This is also the company that developed the XM7, which is a horrific clusterfuck of a rifle that itself is having bizarre issues. Initially the issue was that the barrels could be pushed around, causing the first shot in a string to be off-zero. Now the barrels are getting insane wear within a couple thousand rounds because the cartridge is so high-pressure and fucking stupid. And the whole idea about this cartridge was to be able to penetrate armor that no other nation in the world currently fields, by firing armor piercing bullets that cost $20 per round. For some reason the army thinks this should be the new service rifle. It is basically going back to an idea that led to the shortest-lived service rifle the US has ever used, because it was so heavy and had so much recoil and sucked so much. This is because the army is still trying to win their invasion of Afghanistan, as this kind of rifle would have been really handy there.
Everything is the F-35 program now. It's all corruption and bribery. SIG has won every contract they've entered over the last few years, even for shit they've never made and don't even produce themselves, like scopes. This is what the final stages of the American Imperial Military-Industrial Complex look like.

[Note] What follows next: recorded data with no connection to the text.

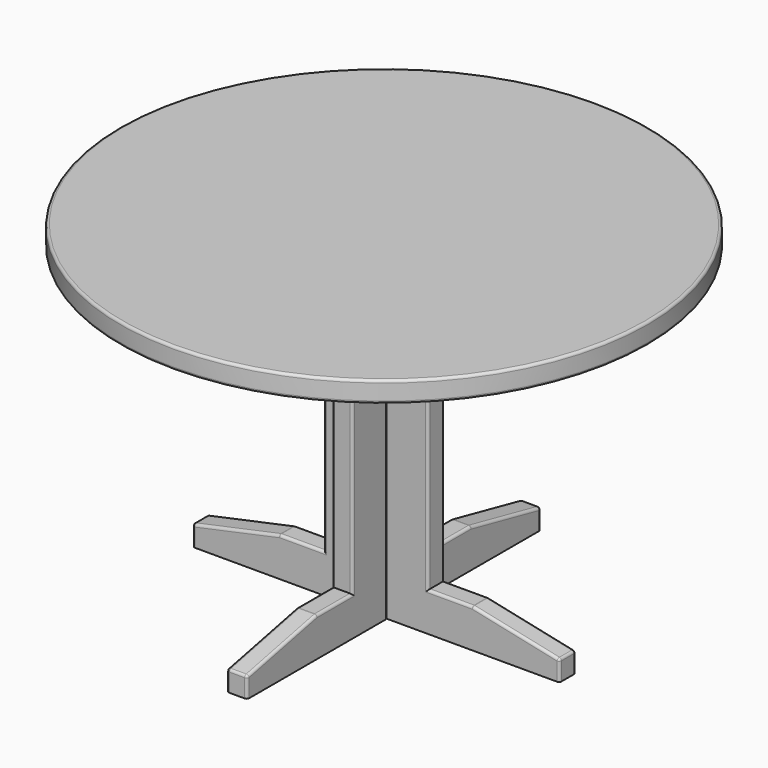
from build123d import *

# Parameters (mm, degrees)
F0_R     = 520.7
F0_W     = 41.275
F0_H     = 256.3125
F0_W_2   = 256.3125
F0_H_2   = 41.275
F0_H_3   = 85
F0_W_3   = 85
F1_DEPTH = 41.275
F2_W     = 82.5
F2_H     = 473.8182766121
F3_DEPTH = 20
F2_H_2   = 474.3196274297
F4_W     = 82.5
F4_H     = 474.3196274297
F5_DEPTH = 20
F4_H_2   = 473.6138966055
F6_R     = 5.08
F6_2_R   = 5.08
F6_3_R   = 5.08
F6_4_R   = 5.08
F6_5_R   = 5.08


# Not quite as in the source:
# - a feature names something its author has since deleted; it is built from what else it names


with BuildPart() as f1:
    # F0 (on Top) → F1 (new body)
    with BuildSketch(Plane.XY):
        Circle(F0_R)
        Polygon((-20.6375, 361.95), (20.6375, 361.95), (20.6375, 105.6375), (20.6375, 20.6375), (105.6375, 20.6375), (361.95, 20.6375), (361.95, -20.6375), (105.6375, -20.6375), (20.6375, -20.6375), (20.6375, -105.6375), (20.6375, -361.95), (-20.6375, -361.95), (-20.6375, -105.6375), (-20.6375, -20.6375), (-105.6375, -20.6375), (-361.95, -20.6375), (-361.95, 20.6375), (-105.6375, 20.6375), (-20.6375, 20.6375), (-20.6375, 105.6375), align=None, mode=Mode.SUBTRACT)
        with Locations((0, 233.79375)):
            Rectangle(F0_W, F0_H)
        with Locations((-233.79375, 0)):
            Rectangle(F0_W_2, F0_H_2)
        with Locations((0, -233.79375)):
            Rectangle(F0_W, F0_H)
        with Locations((233.79375, 0)):
            Rectangle(F0_W_2, F0_H_2)
        Rectangle(F0_W, F0_H_2)
        with Locations((0, 63.1375)):
            Rectangle(F0_W, F0_H_3)
        with Locations((63.1375, 0)):
            Rectangle(F0_W_3, F0_H_2)
        with Locations((0, -63.1375)):
            Rectangle(F0_W, F0_H_3)
        with Locations((-63.1375, 0)):
            Rectangle(F0_W_3, F0_H_2)
    extrude(amount=F1_DEPTH)

    # F6
    f6_edges = [f1.edges().sort_by_distance(p)[0] for p in [
        (-520.7, 0, 41.275),
        (-520.7, 0, 0),
    ]]
    fillet(f6_edges, radius=F6_R)


with BuildPart() as f3:
    # F2 (on Front) → F3 (new body, symmetric)
    with BuildSketch(Plane.XZ):
        Polygon((-361.8104448189, -628.6917154359), (-190.2660957707, -628.7684989539), (-190.2660957707, -551.8782992659), (-361.8104448189, -588.6917154359), align=None)
        Polygon((-190.2660957707, -628.7684989539), (-20.2660957707, -628.8445912188), (-20.2660957707, -551.8782992659), (-102.7660957707, -551.8782992659), (-190.2660957707, -551.8782992659), align=None)
        Polygon((-102.7660957707, -78.0600226537), (-20.2660957707, -78.0600226537), (-20.2660957707, 0), (-190.2660957707, 0), (-190.2660957707, -78.0600226537), align=None)
        Polygon((-362.0399236679, -40), (-190.2660957707, -78.0600226537), (-190.2660957707, 0), (-362.0399236679, 0), align=None)
        with Locations((-61.5160957707, -314.9691609598)):
            Rectangle(F2_W, F2_H)
    extrude(amount=F3_DEPTH, both=True)

    # F6#4
    f6_4_edges = [f3.edges().sort_by_distance(p)[0] for p in [
        (-276.03827, 20, -570.285007),
        (-146.516096, 20, -551.878299),
        (-102.766096, 20, -314.969161),
        (-146.516096, 20, -78.060023),
        (-276.15301, 20, -59.030011),
        (-276.15301, -20, -59.030011),
        (-146.516096, -20, -78.060023),
        (-362.039924, 20, -20),
        (-361.810445, 20, -608.691715),
        (-361.810445, -20, -608.691715),
        (-361.810445, 0, -588.691715),
        (-362.039924, 0, -40),
        (-362.039924, -20, -20),
        (-276.03827, -20, -570.285007),
        (-146.516096, -20, -551.878299),
        (-190.266096, 0, -551.878299),
        (-102.766096, -20, -314.969161),
    ]]
    fillet(f6_4_edges, radius=F6_4_R)


with BuildPart() as f3b:
    # F2 (on Front) → F3, piece 2 (new body, symmetric)
    with BuildSketch(Plane.XZ):
        Polygon((103.0506108094, -552.45), (20.5506108094, -552.45), (20.5506108094, -628.8628608403), (190.5506108094, -628.9389531052), (190.5506108094, -552.45), align=None)
        Polygon((362.153455615, -589.0157628059), (190.5506108094, -552.45), (190.5506108094, -628.9389531052), (362.153455615, -629.0157628059), align=None)
        Polygon((364.0458583832, 0), (190.5506108094, 0), (190.5506108094, -78.1303725703), (364.0458583832, -40), align=None)
        Polygon((190.5506108094, 0), (20.5506108094, 0), (20.5506108094, -78.1303725703), (103.0506108094, -78.1303725703), (190.5506108094, -78.1303725703), align=None)
        with Locations((61.8006108094, -315.2901862851)):
            Rectangle(F2_W, F2_H_2)
    extrude(amount=F3_DEPTH, both=True)

    # F6#2
    f6_2_edges = [f3b.edges().sort_by_distance(p)[0] for p in [
        (277.298235, -20, -59.065186),
        (146.800611, -20, -78.130373),
        (364.045858, -20, -20),
        (364.045858, 20, -20),
        (364.045858, 0, -40),
        (277.298235, 20, -59.065186),
        (146.800611, 20, -78.130373),
        (103.050611, 20, -315.290186),
        (103.050611, -20, -315.290186),
        (146.800611, -20, -552.45),
        (276.352033, -20, -570.732881),
        (362.153456, 20, -609.015763),
        (362.153456, -20, -609.015763),
        (362.153456, 0, -589.015763),
        (276.352033, 20, -570.732881),
        (146.800611, 20, -552.45),
        (190.550611, 0, -552.45),
    ]]
    fillet(f6_2_edges, radius=F6_2_R)


with BuildPart() as f5:
    # F4 (on Right) → F5 (new body, symmetric)
    with BuildSketch(Plane.YZ):
        Polygon((102.507681396, -553.9537763821), (20.007681396, -553.9537763821), (20.007681396, -630.3666372223), (190.007681396, -630.4427294873), (190.007681396, -553.9537763821), align=None)
        Polygon((361.6105262016, -590.519539188), (190.007681396, -553.9537763821), (190.007681396, -630.4427294873), (361.6105262016, -630.519539188), align=None)
        Polygon((190.007681396, -1.5037763821), (20.007681396, -1.5037763821), (20.007681396, -79.6341489524), (102.507681396, -79.6341489524), (190.007681396, -79.6341489524), align=None)
        Polygon((363.5029289697, -1.5037763821), (190.007681396, -1.5037763821), (190.007681396, -79.6341489524), (363.5029289697, -41.5037763821), align=None)
        with Locations((61.257681396, -316.7939626672)):
            Rectangle(F4_W, F4_H)
    extrude(amount=F5_DEPTH, both=True)

    # F6#3
    f6_3_edges = [f5.edges().sort_by_distance(p)[0] for p in [
        (20, 146.257681, -79.634149),
        (20, 102.507681, -316.793963),
        (20, 276.755305, -60.568963),
        (20, 363.502929, -21.503776),
        (-20, 363.502929, -21.503776),
        (-20, 276.755305, -60.568963),
        (-20, 146.257681, -79.634149),
        (-20, 102.507681, -316.793963),
        (20, 146.257681, -553.953776),
        (20, 275.809104, -572.236658),
        (-20, 361.610526, -610.519539),
        (0, 361.610526, -590.519539),
        (20, 361.610526, -610.519539),
        (-20, 275.809104, -572.236658),
        (-20, 146.257681, -553.953776),
        (0, 190.007681, -553.953776),
        (0, 363.502929, -41.503776),
    ]]
    fillet(f6_3_edges, radius=F6_3_R)


with BuildPart() as f5b:
    # F4 (on Right) → F5, piece 2 (new body, symmetric)
    with BuildSketch(Plane.YZ):
        Polygon((-190.3404469946, -630.2724850723), (-20.3404469946, -630.3485773372), (-20.3404469946, -553.2815187716), (-102.8404469946, -553.2815187716), (-190.3404469946, -553.2815187716), align=None)
        Polygon((-362.3533742323, -630.195491818), (-190.3404469946, -630.2724850723), (-190.3404469946, -553.2815187716), (-362.3533742323, -590.195491818), align=None)
        Polygon((-102.8404469946, -79.6676221661), (-20.3404469946, -79.6676221661), (-20.3404469946, -1.5037763821), (-190.3404469946, -1.5037763821), (-190.3404469946, -79.6676221661), align=None)
        Polygon((-362.5828530813, -41.5037763821), (-190.3404469946, -79.6676221661), (-190.3404469946, -1.5037763821), (-362.5828530813, -1.5037763821), align=None)
        with Locations((-61.5904469946, -316.4745704688)):
            Rectangle(F4_W, F4_H_2)
    extrude(amount=F5_DEPTH, both=True)

    # F6#5
    f6_5_edges = [f5b.edges().sort_by_distance(p)[0] for p in [
        (20, -102.840447, -316.47457),
        (-20, -102.840447, -316.47457),
        (20, -146.590447, -79.667622),
        (-20, -146.590447, -79.667622),
        (0, -190.340447, -79.667622),
        (20, -276.46165, -60.585699),
        (-20, -276.46165, -60.585699),
        (20, -276.346911, -571.738505),
        (20, -146.590447, -553.281519),
        (20, -362.353374, -610.195492),
        (0, -362.353374, -590.195492),
        (-20, -362.353374, -610.195492),
        (-20, -146.590447, -553.281519),
        (-20, -276.346911, -571.738505),
        (0, -190.340447, -553.281519),
        (0, -362.582853, -41.503776),
        (20, -362.582853, -21.503776),
        (-20, -362.582853, -21.503776),
    ]]
    fillet(f6_5_edges, radius=F6_5_R)


solid = Compound([f1.part, f3.part, f3b.part, f5.part, f5b.part])

#US#US military#Weapons#Guns#Army#War#US politics#Military-industrial complex#Interesting tangent is that in the early stages of the Russian fullscale invasion of Ukraine#A lot of news and experts went 'wait why does the Russian army... Suck? Haven't they prepared for this for years? '#And it turned out part of it was rampant corruption greed theft and a culture of silence#leading to the invading army being underequipped with worse quality of armaments than expected by the leadership all the way up to the P.#(they do have lots of bodies to throw into the meat-grinder and that also matters)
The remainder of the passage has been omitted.